» **Task details**: From the records below, copy out exactly the lines from the one containing "line L939 (-28.3566, 4.9454)" to the one containing "line L964 (5.8559, -28.6296)", both included. Add nothing else.

(Source records)
::::
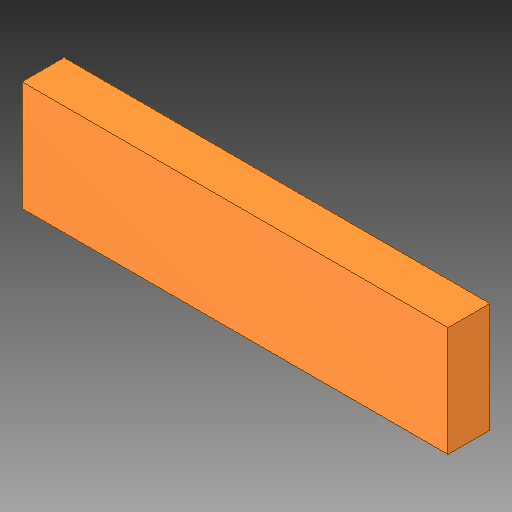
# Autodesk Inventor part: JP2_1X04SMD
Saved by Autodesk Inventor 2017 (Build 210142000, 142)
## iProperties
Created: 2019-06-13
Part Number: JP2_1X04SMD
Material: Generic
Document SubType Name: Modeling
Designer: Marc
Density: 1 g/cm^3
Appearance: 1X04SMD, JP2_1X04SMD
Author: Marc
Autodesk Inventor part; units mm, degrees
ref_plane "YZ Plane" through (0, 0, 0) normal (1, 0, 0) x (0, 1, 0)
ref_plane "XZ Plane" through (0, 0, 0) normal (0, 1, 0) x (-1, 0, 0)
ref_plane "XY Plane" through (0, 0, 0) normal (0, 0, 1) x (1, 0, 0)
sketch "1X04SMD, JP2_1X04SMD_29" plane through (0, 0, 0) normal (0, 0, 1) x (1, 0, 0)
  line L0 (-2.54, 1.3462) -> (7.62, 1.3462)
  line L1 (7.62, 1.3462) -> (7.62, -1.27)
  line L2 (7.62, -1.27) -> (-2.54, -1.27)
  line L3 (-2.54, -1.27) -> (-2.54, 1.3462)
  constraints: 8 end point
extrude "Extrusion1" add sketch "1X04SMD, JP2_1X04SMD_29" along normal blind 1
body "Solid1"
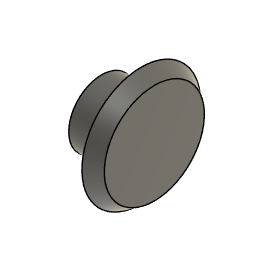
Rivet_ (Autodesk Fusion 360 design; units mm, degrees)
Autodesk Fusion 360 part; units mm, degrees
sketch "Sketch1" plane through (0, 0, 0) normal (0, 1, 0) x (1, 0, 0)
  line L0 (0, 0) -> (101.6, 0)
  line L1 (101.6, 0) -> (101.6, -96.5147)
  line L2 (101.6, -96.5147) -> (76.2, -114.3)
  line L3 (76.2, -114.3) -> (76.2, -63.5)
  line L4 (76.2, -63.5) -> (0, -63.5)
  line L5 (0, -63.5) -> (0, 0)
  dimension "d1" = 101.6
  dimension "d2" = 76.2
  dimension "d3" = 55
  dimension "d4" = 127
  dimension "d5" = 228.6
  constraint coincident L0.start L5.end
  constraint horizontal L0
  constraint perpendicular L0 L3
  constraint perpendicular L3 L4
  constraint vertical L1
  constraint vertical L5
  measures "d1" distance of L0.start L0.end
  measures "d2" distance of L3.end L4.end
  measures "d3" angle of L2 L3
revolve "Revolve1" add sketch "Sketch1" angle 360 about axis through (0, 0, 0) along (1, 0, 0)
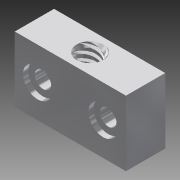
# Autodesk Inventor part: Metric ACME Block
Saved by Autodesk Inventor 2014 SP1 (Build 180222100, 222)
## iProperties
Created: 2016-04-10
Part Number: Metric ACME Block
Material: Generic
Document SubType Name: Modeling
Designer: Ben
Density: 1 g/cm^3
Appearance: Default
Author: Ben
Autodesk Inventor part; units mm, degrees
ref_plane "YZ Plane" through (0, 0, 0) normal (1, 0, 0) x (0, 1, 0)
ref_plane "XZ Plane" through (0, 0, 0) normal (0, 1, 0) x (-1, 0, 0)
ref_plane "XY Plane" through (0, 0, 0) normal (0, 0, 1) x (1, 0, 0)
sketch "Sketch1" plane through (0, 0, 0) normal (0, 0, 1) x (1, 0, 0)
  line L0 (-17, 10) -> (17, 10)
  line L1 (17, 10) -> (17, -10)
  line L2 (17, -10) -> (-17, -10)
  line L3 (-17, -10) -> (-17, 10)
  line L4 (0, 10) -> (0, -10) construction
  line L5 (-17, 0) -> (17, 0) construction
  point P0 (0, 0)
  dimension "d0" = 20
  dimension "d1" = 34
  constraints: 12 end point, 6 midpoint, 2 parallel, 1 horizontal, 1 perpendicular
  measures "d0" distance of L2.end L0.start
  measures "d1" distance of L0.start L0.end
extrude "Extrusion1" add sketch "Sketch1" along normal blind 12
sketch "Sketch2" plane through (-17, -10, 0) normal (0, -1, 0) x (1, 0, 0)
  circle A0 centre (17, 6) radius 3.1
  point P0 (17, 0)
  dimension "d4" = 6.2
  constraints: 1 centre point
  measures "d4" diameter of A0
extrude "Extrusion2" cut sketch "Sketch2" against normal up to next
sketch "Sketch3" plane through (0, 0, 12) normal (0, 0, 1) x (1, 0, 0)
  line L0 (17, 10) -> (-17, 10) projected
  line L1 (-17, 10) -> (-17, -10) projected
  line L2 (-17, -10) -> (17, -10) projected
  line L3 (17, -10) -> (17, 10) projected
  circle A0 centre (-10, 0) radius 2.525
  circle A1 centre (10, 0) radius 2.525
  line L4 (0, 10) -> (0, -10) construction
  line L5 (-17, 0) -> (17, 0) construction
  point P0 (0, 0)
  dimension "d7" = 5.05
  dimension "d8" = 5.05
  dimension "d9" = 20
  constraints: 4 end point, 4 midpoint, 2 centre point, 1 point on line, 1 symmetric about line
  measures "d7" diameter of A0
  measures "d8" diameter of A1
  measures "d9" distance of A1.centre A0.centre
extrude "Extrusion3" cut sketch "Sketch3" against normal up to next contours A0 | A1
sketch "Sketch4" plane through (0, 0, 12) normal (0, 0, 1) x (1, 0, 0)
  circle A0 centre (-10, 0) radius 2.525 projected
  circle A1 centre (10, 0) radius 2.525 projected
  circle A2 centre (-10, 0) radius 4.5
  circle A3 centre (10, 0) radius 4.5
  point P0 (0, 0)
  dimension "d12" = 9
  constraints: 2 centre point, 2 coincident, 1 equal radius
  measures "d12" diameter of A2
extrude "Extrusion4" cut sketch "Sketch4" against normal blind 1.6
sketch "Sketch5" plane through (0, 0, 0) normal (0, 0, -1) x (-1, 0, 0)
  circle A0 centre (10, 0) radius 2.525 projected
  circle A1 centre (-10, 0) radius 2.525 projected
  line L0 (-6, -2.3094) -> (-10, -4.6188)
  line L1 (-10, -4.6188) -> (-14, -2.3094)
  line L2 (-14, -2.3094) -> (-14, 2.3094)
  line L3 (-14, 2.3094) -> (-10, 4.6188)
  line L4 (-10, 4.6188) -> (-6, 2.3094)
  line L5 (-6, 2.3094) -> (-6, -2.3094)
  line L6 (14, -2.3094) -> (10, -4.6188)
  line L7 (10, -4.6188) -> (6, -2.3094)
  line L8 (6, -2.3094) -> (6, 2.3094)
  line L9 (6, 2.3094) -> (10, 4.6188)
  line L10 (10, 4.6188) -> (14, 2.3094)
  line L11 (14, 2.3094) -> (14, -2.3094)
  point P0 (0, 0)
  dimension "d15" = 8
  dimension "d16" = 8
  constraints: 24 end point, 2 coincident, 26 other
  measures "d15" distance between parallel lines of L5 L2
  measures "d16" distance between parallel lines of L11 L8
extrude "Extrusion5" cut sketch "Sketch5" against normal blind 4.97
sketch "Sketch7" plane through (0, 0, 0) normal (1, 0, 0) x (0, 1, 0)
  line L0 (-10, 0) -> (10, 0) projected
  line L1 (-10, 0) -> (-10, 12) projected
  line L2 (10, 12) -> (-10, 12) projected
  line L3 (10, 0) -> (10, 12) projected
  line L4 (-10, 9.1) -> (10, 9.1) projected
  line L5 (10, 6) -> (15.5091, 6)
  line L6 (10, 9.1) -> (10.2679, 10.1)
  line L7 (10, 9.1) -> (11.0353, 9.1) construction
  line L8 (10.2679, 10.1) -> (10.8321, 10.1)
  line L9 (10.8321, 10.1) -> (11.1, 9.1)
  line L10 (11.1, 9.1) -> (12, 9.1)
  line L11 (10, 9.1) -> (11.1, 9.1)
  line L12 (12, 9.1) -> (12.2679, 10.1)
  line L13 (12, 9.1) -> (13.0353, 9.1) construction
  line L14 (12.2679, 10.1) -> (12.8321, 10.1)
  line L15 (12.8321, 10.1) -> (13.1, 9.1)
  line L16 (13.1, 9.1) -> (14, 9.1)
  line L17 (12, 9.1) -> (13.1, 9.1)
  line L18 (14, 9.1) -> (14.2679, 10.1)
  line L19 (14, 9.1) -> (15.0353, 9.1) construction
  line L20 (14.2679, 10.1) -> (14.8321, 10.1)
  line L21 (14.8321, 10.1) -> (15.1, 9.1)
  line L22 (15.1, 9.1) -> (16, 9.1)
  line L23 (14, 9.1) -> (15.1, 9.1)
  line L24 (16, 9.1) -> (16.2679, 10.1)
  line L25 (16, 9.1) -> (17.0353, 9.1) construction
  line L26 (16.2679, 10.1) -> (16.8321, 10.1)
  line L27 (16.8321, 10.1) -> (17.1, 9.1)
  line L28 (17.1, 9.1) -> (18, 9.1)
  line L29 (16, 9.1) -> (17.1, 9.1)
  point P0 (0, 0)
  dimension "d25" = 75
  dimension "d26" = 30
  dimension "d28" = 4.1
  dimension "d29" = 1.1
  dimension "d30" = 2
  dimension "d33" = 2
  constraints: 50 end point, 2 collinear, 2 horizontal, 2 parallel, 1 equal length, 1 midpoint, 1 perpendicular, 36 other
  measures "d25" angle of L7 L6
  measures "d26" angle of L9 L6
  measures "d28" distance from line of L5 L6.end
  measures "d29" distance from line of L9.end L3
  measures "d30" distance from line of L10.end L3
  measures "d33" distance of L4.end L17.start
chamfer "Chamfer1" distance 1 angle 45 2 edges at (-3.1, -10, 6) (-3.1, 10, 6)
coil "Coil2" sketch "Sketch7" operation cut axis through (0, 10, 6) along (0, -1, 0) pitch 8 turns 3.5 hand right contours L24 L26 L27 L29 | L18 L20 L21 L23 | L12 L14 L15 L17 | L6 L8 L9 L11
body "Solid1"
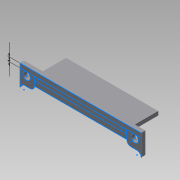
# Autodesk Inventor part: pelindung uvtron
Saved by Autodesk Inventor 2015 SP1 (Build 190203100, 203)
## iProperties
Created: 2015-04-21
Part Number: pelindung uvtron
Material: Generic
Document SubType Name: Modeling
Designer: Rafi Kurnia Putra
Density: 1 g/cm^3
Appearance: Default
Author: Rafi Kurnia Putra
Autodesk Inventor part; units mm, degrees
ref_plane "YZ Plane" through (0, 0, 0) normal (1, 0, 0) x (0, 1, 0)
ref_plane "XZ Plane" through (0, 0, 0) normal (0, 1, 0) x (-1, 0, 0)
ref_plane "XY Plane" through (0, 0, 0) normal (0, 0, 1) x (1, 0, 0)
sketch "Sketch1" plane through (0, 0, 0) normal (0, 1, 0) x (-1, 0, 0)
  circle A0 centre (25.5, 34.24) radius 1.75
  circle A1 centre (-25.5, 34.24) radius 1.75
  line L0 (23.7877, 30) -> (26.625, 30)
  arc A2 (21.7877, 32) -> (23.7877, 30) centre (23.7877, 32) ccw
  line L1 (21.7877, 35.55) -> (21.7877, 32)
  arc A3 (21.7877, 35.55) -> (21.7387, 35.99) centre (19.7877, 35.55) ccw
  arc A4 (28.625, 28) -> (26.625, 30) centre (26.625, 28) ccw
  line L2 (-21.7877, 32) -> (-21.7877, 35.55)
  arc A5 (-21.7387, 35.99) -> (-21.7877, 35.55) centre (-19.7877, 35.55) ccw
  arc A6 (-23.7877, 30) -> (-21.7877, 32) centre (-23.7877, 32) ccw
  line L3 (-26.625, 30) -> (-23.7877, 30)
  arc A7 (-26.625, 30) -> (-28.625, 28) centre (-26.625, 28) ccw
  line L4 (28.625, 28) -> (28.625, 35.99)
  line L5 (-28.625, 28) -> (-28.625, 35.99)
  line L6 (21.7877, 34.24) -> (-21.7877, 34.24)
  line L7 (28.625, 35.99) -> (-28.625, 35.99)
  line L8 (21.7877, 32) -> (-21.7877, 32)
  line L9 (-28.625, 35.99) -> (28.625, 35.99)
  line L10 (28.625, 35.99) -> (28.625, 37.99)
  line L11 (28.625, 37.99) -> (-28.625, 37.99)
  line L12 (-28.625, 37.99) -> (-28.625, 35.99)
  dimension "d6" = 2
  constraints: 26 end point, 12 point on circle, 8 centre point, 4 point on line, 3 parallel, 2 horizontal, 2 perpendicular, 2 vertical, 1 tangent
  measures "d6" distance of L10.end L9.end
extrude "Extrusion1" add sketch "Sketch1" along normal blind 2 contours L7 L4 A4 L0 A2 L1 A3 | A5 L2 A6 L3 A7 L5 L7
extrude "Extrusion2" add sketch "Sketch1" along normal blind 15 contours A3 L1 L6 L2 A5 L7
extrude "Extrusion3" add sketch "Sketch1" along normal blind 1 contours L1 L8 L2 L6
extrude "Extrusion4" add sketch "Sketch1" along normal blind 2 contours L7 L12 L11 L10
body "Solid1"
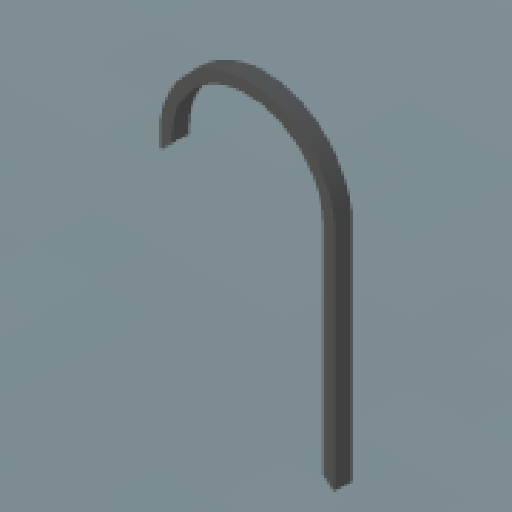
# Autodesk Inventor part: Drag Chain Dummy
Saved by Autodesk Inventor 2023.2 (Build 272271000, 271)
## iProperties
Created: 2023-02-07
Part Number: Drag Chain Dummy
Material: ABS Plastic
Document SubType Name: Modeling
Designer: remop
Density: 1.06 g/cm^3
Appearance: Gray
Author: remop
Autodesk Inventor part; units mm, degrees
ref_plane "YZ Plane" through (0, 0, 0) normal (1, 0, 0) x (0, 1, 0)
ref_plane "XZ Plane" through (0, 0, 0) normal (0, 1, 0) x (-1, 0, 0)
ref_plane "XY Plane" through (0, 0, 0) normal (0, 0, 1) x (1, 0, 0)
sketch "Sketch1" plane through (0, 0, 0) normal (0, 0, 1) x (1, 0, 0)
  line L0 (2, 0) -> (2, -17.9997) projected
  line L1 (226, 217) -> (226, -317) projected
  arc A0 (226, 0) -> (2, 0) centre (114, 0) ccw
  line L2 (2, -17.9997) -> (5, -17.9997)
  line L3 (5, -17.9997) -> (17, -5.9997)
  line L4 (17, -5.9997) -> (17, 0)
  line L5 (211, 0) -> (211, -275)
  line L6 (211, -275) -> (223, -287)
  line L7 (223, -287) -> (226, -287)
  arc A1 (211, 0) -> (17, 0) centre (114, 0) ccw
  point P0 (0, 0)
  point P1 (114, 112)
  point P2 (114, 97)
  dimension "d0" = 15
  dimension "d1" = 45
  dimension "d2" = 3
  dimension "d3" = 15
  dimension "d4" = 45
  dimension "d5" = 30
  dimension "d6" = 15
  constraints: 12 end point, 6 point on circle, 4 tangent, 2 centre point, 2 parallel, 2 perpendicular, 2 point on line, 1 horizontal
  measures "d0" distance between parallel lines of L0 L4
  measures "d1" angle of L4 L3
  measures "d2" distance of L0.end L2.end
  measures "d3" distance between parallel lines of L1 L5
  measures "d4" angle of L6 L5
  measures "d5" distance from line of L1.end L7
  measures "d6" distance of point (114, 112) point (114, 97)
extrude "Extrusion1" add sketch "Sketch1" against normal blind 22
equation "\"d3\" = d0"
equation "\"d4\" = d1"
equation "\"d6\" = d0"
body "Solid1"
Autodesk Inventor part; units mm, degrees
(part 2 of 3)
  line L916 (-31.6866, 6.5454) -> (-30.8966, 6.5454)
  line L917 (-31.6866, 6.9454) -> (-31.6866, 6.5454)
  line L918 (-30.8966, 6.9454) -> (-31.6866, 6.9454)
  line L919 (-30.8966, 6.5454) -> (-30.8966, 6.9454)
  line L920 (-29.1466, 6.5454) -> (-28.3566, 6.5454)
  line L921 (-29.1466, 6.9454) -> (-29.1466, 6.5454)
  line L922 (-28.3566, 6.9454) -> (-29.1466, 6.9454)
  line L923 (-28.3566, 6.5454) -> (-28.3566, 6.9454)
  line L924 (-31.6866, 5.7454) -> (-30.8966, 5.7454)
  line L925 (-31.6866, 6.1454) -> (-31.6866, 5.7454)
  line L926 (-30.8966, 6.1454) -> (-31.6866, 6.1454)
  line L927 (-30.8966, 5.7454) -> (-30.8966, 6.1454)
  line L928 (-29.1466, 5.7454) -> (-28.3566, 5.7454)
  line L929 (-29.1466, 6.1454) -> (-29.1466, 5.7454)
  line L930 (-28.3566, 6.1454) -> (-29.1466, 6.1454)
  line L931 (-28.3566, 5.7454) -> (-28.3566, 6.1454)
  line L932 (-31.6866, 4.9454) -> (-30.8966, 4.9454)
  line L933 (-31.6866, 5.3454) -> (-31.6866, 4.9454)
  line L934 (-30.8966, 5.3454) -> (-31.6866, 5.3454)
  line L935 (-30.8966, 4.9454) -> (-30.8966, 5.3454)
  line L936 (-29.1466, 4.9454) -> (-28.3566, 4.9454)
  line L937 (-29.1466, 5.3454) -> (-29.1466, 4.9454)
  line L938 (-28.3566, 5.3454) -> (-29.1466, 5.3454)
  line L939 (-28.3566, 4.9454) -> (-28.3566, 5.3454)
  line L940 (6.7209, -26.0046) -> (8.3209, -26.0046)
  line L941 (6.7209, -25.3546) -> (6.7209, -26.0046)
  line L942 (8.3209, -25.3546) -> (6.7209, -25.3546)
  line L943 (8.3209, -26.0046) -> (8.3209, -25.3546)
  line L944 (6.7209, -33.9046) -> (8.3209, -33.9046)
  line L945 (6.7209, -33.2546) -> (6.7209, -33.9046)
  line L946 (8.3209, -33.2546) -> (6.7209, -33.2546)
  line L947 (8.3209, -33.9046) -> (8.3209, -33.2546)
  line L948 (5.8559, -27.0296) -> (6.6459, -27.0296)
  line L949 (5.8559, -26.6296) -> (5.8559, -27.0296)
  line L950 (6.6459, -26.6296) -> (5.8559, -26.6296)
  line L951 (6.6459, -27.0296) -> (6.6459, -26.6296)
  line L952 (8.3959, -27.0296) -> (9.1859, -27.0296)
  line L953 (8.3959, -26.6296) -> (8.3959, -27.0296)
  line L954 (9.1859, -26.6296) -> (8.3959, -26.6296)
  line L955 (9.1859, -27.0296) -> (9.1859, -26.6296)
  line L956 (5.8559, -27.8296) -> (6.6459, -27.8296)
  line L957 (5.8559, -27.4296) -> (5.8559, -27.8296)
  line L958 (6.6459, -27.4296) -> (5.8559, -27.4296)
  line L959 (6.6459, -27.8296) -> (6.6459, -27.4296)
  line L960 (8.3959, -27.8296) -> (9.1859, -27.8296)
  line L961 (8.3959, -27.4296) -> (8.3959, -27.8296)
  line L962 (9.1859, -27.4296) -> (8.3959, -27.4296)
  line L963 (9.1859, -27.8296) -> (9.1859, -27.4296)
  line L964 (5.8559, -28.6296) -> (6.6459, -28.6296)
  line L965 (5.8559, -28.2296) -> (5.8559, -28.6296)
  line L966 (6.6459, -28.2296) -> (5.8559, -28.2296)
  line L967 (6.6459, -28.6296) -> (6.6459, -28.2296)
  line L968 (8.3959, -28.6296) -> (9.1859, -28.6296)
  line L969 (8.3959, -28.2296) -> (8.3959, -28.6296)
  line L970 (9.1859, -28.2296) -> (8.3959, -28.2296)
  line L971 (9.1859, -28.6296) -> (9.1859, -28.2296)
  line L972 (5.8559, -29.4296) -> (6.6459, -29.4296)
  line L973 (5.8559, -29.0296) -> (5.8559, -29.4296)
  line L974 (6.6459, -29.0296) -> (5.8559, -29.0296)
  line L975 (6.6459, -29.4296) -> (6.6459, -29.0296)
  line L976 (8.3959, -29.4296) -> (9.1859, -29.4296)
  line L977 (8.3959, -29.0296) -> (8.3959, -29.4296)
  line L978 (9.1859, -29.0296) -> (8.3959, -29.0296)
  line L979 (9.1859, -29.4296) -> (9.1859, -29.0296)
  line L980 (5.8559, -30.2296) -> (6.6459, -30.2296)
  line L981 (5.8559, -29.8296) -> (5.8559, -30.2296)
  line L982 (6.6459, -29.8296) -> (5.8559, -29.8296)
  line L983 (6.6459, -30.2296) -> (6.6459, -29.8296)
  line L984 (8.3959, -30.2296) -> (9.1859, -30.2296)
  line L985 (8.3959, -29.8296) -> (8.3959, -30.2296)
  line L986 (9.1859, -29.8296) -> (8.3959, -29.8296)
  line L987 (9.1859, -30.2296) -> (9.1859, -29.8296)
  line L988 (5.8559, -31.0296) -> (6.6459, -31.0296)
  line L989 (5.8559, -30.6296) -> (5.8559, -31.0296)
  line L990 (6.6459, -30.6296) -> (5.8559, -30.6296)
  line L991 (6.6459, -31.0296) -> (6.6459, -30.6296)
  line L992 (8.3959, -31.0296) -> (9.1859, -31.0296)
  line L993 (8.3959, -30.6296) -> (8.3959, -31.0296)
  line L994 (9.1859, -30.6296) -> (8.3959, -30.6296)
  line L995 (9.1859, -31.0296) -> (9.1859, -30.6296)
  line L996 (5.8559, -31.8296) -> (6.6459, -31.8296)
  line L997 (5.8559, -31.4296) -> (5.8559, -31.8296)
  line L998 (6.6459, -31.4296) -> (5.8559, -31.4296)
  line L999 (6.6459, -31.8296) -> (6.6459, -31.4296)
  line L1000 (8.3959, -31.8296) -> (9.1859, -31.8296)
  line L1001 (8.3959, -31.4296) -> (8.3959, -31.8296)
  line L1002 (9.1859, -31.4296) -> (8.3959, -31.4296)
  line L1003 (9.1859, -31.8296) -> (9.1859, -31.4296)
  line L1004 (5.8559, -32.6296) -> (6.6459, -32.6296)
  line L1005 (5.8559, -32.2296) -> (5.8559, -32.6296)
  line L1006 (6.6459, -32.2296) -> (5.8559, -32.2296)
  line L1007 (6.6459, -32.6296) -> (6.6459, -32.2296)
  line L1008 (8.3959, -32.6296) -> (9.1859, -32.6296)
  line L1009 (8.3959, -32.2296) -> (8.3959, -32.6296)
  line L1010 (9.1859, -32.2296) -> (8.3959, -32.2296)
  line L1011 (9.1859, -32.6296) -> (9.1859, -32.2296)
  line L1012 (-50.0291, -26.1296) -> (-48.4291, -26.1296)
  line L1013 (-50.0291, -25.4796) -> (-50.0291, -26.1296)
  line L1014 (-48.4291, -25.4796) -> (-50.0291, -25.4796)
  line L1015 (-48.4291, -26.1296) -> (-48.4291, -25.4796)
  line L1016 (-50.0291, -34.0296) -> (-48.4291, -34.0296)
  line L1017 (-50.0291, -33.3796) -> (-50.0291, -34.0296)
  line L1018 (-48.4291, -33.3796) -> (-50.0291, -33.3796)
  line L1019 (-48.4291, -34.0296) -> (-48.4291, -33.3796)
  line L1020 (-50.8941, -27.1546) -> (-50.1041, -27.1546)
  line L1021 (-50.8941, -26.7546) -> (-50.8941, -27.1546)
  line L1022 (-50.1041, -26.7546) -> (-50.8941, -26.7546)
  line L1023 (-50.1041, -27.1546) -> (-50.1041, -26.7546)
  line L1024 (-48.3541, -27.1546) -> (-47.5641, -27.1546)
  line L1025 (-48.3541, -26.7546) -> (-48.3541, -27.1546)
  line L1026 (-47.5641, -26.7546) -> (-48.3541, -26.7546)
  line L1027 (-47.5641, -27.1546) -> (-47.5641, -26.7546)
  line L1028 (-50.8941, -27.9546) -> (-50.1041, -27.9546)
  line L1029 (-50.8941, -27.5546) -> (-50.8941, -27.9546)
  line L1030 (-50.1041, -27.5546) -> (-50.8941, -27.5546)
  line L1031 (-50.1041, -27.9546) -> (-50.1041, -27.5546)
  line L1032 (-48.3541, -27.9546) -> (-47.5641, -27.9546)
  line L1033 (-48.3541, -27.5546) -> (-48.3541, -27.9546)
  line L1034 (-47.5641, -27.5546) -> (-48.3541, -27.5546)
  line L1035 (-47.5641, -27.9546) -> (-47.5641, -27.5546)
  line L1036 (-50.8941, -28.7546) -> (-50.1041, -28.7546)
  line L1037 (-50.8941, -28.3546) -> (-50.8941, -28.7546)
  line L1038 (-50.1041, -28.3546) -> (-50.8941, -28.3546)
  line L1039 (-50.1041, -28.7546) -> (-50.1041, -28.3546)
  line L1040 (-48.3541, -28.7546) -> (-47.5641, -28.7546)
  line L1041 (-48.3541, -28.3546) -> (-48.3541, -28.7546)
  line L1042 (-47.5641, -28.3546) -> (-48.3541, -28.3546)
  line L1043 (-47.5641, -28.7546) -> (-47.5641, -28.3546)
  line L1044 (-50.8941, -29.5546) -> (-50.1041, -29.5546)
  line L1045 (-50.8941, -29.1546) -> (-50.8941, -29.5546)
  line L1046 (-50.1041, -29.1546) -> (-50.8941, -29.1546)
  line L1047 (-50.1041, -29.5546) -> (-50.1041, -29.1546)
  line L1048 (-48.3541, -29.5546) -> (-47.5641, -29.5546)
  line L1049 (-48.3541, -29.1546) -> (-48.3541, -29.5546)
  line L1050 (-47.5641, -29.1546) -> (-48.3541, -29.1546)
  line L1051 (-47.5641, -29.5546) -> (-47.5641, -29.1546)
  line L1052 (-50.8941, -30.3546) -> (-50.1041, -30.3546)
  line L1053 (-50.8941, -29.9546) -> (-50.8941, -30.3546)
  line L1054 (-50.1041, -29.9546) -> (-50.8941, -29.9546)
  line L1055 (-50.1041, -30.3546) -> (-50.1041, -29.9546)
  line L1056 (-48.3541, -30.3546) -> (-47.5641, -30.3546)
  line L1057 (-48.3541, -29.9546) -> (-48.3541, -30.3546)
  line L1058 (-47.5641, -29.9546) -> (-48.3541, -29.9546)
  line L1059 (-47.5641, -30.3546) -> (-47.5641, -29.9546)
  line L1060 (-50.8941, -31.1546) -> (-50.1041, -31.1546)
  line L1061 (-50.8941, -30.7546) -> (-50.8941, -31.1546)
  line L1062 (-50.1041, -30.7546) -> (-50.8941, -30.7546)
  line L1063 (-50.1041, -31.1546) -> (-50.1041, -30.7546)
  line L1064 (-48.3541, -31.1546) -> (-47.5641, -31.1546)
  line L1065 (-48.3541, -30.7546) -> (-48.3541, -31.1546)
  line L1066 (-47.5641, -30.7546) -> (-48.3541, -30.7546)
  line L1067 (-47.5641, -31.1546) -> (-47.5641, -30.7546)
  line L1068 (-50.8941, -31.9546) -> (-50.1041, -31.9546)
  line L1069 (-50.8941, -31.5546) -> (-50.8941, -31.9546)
::::
» **Exercise output**:
  line L939 (-28.3566, 4.9454) -> (-28.3566, 5.3454)
  line L940 (6.7209, -26.0046) -> (8.3209, -26.0046)
  line L941 (6.7209, -25.3546) -> (6.7209, -26.0046)
  line L942 (8.3209, -25.3546) -> (6.7209, -25.3546)
  line L943 (8.3209, -26.0046) -> (8.3209, -25.3546)
  line L944 (6.7209, -33.9046) -> (8.3209, -33.9046)
  line L945 (6.7209, -33.2546) -> (6.7209, -33.9046)
  line L946 (8.3209, -33.2546) -> (6.7209, -33.2546)
  line L947 (8.3209, -33.9046) -> (8.3209, -33.2546)
  line L948 (5.8559, -27.0296) -> (6.6459, -27.0296)
  line L949 (5.8559, -26.6296) -> (5.8559, -27.0296)
  line L950 (6.6459, -26.6296) -> (5.8559, -26.6296)
  line L951 (6.6459, -27.0296) -> (6.6459, -26.6296)
  line L952 (8.3959, -27.0296) -> (9.1859, -27.0296)
  line L953 (8.3959, -26.6296) -> (8.3959, -27.0296)
  line L954 (9.1859, -26.6296) -> (8.3959, -26.6296)
  line L955 (9.1859, -27.0296) -> (9.1859, -26.6296)
  line L956 (5.8559, -27.8296) -> (6.6459, -27.8296)
  line L957 (5.8559, -27.4296) -> (5.8559, -27.8296)
  line L958 (6.6459, -27.4296) -> (5.8559, -27.4296)
  line L959 (6.6459, -27.8296) -> (6.6459, -27.4296)
  line L960 (8.3959, -27.8296) -> (9.1859, -27.8296)
  line L961 (8.3959, -27.4296) -> (8.3959, -27.8296)
  line L962 (9.1859, -27.4296) -> (8.3959, -27.4296)
  line L963 (9.1859, -27.8296) -> (9.1859, -27.4296)
  line L964 (5.8559, -28.6296) -> (6.6459, -28.6296)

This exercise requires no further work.